Oh he's a pretty boy!


----------



## AlexTS113 (Feb 17, 2013)

So pretty! Beautiful run, did you build it, and what are the dimensions?


----------



## InnKeeper (Feb 17, 2013)

I LOVE his fuzzy feathered feet!!


----------



## fuzziebutt (Aug 7, 2012)

He casts the shadow of an eagle in flight!! A mighty man! Look at the last picture of him, and look at the shadow around him!


----------



## birdguy (Jan 15, 2013)

AlexTS113 said:


> So pretty! Beautiful run, did you build it, and what are the dimensions?


Yes and 8 by 8 or bigger


----------



## birdguy (Jan 15, 2013)

fuzziebutt said:


> He casts the shadow of an eagle in flight!! A mighty man! Look at the last picture of him, and look at the shadow around him!

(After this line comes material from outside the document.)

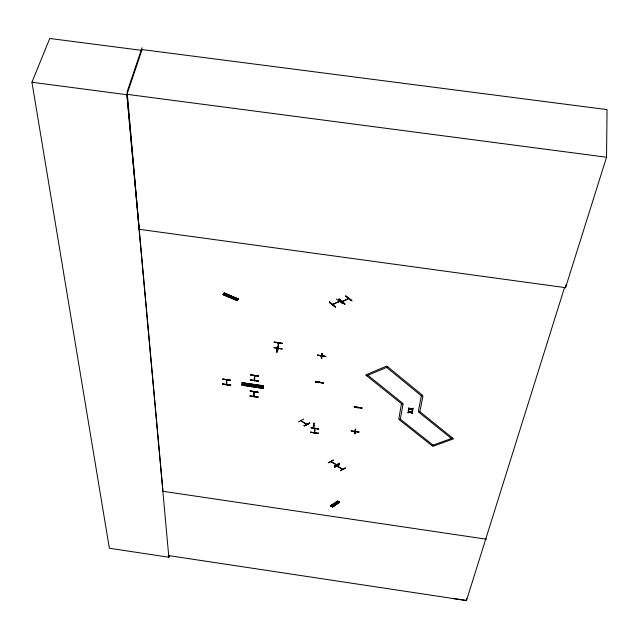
<?xml version="1.0" encoding="UTF-8"?>
<svg xmlns="http://www.w3.org/2000/svg" width="639" height="639" viewBox="0 0 639 639"><rect width="100%" height="100%" fill="white"/><g stroke="black" fill="none" stroke-linecap="round" stroke-linejoin="round"><path stroke-width="0.96" d="M565.523 287.75L606.539 157.226L607.05 109.604L142.122 49.57L126.849 94.708L168.848 557.232L109.365 548.254L31.95 82.263L49.746 38.476L141.85 50.377M250.129 396.084L257.948 397.21L250.121 396.132L250.2 395.517M250.184 391.26L258.036 392.386L250.256 390.908M250.56 380.165L250.64 379.55M258.691 375.916L250.632 374.845M254.17 396.404L253.971 391.803M254.226 396.436C253.467 396.26 253.939 394.431 253.947 391.859M254.41 379.973C254.626 383.352 253.875 376.347 254.801 375.74M254.681 380.445L254.801 375.828M257.94 397.25L258.02 396.643M250.568 380.125L258.515 381.291L258.587 380.684M258.619 376.267L250.624 374.861M273.963 347.528L282.214 349.014M274.219 342.105L282.526 343.335M276.695 352.241C278.66 340.819 275.601 351.226 277.15 352.313L277.406 347.241L276.967 347.137M278.149 349.781L277.31 349.669M278.213 342.991L277.917 347.999M278.564 343.51L278.181 343.055M139.286 228.307L139.438 226.326M230.615 385.349L222.747 384.255L230.607 385.381L230.687 384.782M466.638 598.575L466.486 600.524L453.339 598.583M310.738 432.475L310.818 431.892M311.121 427.691L318.765 429.033L311.121 427.667M250.56 379.901L258.523 381.06L250.584 379.846M314.747 432.723L314.795 428.465M315.099 428.593L314.364 432.675L314.755 432.795M257.948 397.011L250.145 395.821M318.358 433.577L318.438 432.994M242.005 382.697L263.468 385.748L263.388 386.643L241.957 383.4L241.973 382.689L263.436 385.9M263.316 388.232L241.909 384.982L241.917 384.574L263.364 387.625L263.284 388.512L241.901 385.277L241.909 384.822L263.3 388.017M241.941 384.582L263.34 387.729M317.479 355.3L325.762 356.498L317.511 354.996M315.323 381.882L323.382 383.057L315.315 381.922L315.402 381.299M313.126 427.739L313.925 423.353L313.166 427.699M313.861 423.393L313.517 427.707M313.749 425.71L314.604 425.838M320.818 355.787L321.521 356.147L320.818 355.811M321.473 355.875L321.417 356.434L321.792 356.027M319.244 381.755L319.508 382.266M319.516 382.218L319.564 381.739M321.385 358.471L321.88 353.455L321.313 358.551L321.768 358.623L322.256 353.559L321.792 353.503M241.965 383.104L263.404 386.18M273.955 347.768L282.222 348.942M323.374 383.104L323.462 382.473M310.738 432.435L318.366 433.514M408.081 412.075L407.978 412.786L410.19 412.323L412.187 413.385L412.299 412.658M410.725 411.828L412.482 411.836L412.586 411.125M408.633 409.096L408.521 409.815L410.749 409.351L412.746 410.414L412.866 409.687M411.284 408.848L413.05 408.856L413.153 408.137M410.406 408.744L408.808 408.289L408.92 407.554M407.978 412.786L409.847 411.724M410.19 412.323L410.334 411.588M410.749 409.351L410.893 408.609M409.807 412.083L408.297 410.909M408.257 411.268L408.369 410.542M354.19 406.955L362.113 408.113L354.246 406.596M354.302 431.381L354.893 431.477M351.202 430.822L358.878 432.188L351.178 430.982L351.258 430.454M358.319 407.658L357.944 408.017M354.957 430.926L354.925 431.357L355.284 431.013M355.683 429.424L355.1 433.801L354.677 433.745L355.715 429.464L355.34 429.057M355.404 429.384L354.741 433.657M355.284 431.317L355.26 430.91M362.121 408.017L354.214 406.827M358.886 432.148L358.966 431.589M345.244 467.716L345.515 468.235L340.555 470.592M340.819 470.791L340.555 470.312M339.061 463.171L339.325 463.698L334.644 466.302L334.381 465.799M339.469 464.849L334.469 467.285L339.525 464.505M328.542 462.82L333.302 459.936M338.382 301.736L338.566 300.961M338.582 301.904L338.662 301.432M339.053 299.172L344.956 304.068L339.149 298.868L338.718 299.419M338.67 301.92L338.862 301.201M333.231 303.565L333.534 304.404L332.799 304.723M333.366 303.581L333.414 304.46M333.318 304.204L333.398 303.733M333.518 304.372L333.598 303.9M314.021 423.098L313.533 423.393M309.372 422.762L309.619 423.322L304.372 425.909L304.124 425.35M329.724 302.167L335.635 307.032L329.397 302.399L329.764 301.912M329.82 301.864L329.389 302.415M298.405 421.916L303.733 419.064M408.521 409.815L410.358 409.112M408.808 408.289L410.845 408.976L413.05 408.856M412.187 413.385L410.677 412.187M412.482 411.836L410.294 411.947L408.321 410.901M412.746 410.414L411.236 409.216M168.113 555.523L466.486 600.524L564.525 287.534L565.547 287.67L566.106 284.738M318.773 428.937L311.121 427.81M325.77 356.394L317.495 355.172M230.559 380.429L222.652 379.039L230.639 380.077M222.819 383.656L222.739 384.271M168.848 557.232L169.311 555.291M274.211 342.304L282.534 343.486L274.211 342.129M277.893 347.64L278.277 348.087L278.54 343.151M258.052 392.29L250.2 391.14M258.627 376.171L250.64 375.005M230.575 380.333L222.676 379.183M142.026 47.741L127.129 91.704L139.214 229.297L565.547 287.67M330.818 461.677L331.465 462.013M226.43 379.941L226.533 384.55M226.837 380.325L226.398 380.261M336.577 464.88L336.106 464.425M226.525 384.079L226.861 384.566M226.837 384.534L226.789 379.909L226.478 380.325M337.041 466.206L342.76 469.401M254.737 380.469L254.41 379.925L254.362 380.429M357.976 407.57L358.215 408.057M223.307 294.228L237.652 300.218L223.323 294.156L222.971 294.747L237.277 300.729L237.572 300.266M238.579 298.98L238.179 299.523L223.882 293.501L224.233 292.902L238.307 299.228M300.937 420.789L306.584 424.456M344.597 304.228L338.758 299.356L344.956 304.068M223.091 294.531L237.5 300.434L223.211 294.419M223.993 293.285L238.291 299.308M224.225 292.974L238.555 299.028M332.599 304.555L339.309 301.544M342.656 301.225L341.921 301.576L348.598 298.637M329.404 302.367L335.315 307.143M347.848 298.613L348.503 298.373M339.652 502.182L332.576 506.951L339.66 502.182L337.56 501.032L330.531 505.896M330.906 506.072L338.047 501.447M337.951 501.208L331.034 506.216M331.961 506.663L339.501 502.022M328.246 462.748L333.246 460.28M334.325 466.143L339.093 463.515L334.413 466.143M340.499 470.655L345.244 467.996M331.913 506.631L332.48 506.807M332.607 506.951L339.349 502.038M332.488 506.719L330.339 505.896L337.799 501.327M313.925 425.558L314.54 425.67M314.5 425.838L313.853 425.742M304.06 425.71L309.619 423.306M309.396 423.122L304.116 425.686M309.603 423.258L304.372 425.894M336.362 298.956L342.512 303.677M332.663 304.523L338.91 301.392M338.782 301.888L339.245 301.608M342.24 301.72L348.638 298.581M351.905 300.705L345.659 296.025L351.881 300.673M366.69 375.796L387.857 366.882M431.908 445.591L452.604 438.074M254.482 375.732L254.753 376.203M330.986 461.566L336.681 464.753M345.731 295.937L351.602 300.769M332.064 506.615L339.541 502.038M337.416 501.152L337.959 501.296M606.539 157.226L126.977 94.332L162.977 491.311L486.495 539.212M31.95 82.263L126.849 94.708M250.184 391.004L258.044 392.114M320.73 355.827L321.784 355.987M277.366 349.701L278.109 349.988L277.358 349.876M321.713 356.426L321.393 355.867M354.214 431.389L354.909 431.493M224.105 293.197L238.427 299.196M336.41 464.841L330.882 461.685M331.705 505.01L333.67 505.912M331.226 505.329L333.199 506.232M336.841 501.519L338.814 502.438M333.758 503.604L335.731 504.514M333.047 504.091L335.012 505.002M332.416 504.522L334.381 505.433M306.289 424.024L306.768 424.368L301.193 420.718L301.696 420.981M337.264 466.151L342.927 469.314M433.098 445.159L400.333 419.184L398.792 418.968L401.476 403.728L402.698 403.249L367.912 375.277M451.382 438.514L418.649 412.115L419.871 411.636L422.946 396.092L421.365 395.868L386.603 367.409M222.747 383.991L230.615 385.157L222.755 383.951M310.762 432.22L318.382 433.362L310.762 432.22M315.346 381.643L323.398 382.857L315.354 381.603M403.041 403.952L400.333 419.184L399.135 419.647L432.843 446.334L453.538 438.825L419.871 411.636L418.321 411.42L421.365 395.868L422.611 395.373L386.819 366.027L365.652 374.957L401.476 403.728L403.041 403.952"/></g></svg>

Wow i can't believe you saw that


----------



## soccerchicken12 (Feb 8, 2013)

Is he nice to you?


----------



## birdguy (Jan 15, 2013)

soccerchicken12 said:


> Is he nice to you?


Yes!! He is awesome when he gets excited he like jumps around in the ground is so cute i wish we could just post videos too


----------



## birdguy (Jan 15, 2013)

What would the chickens look like If he breeds with barred rocks or an austrolorp


----------



## jen3910 (Sep 3, 2012)

He is a beauty! Can't wait to see the babies - if he can work around all those feathers.


----------



## birdguy (Jan 15, 2013)

jen3910 said:


> He is a beauty! Can't wait to see the babies - if he can work around all those feathers.


Lol it should be comming soon


----------



## fuzziebutt (Aug 7, 2012)

birdguy said:


> Wow i can't believe you saw that


For some insane reason, when a page opens, I start from the bottom up, and that was the first picture I saw, and the shadow was the first image that came into view. Try it!


----------



## Energyvet (Jul 25, 2012)

I think you can look for a button in your preferences that will switch it from bottom to top - to top to bottom. Unless you like it that way.


----------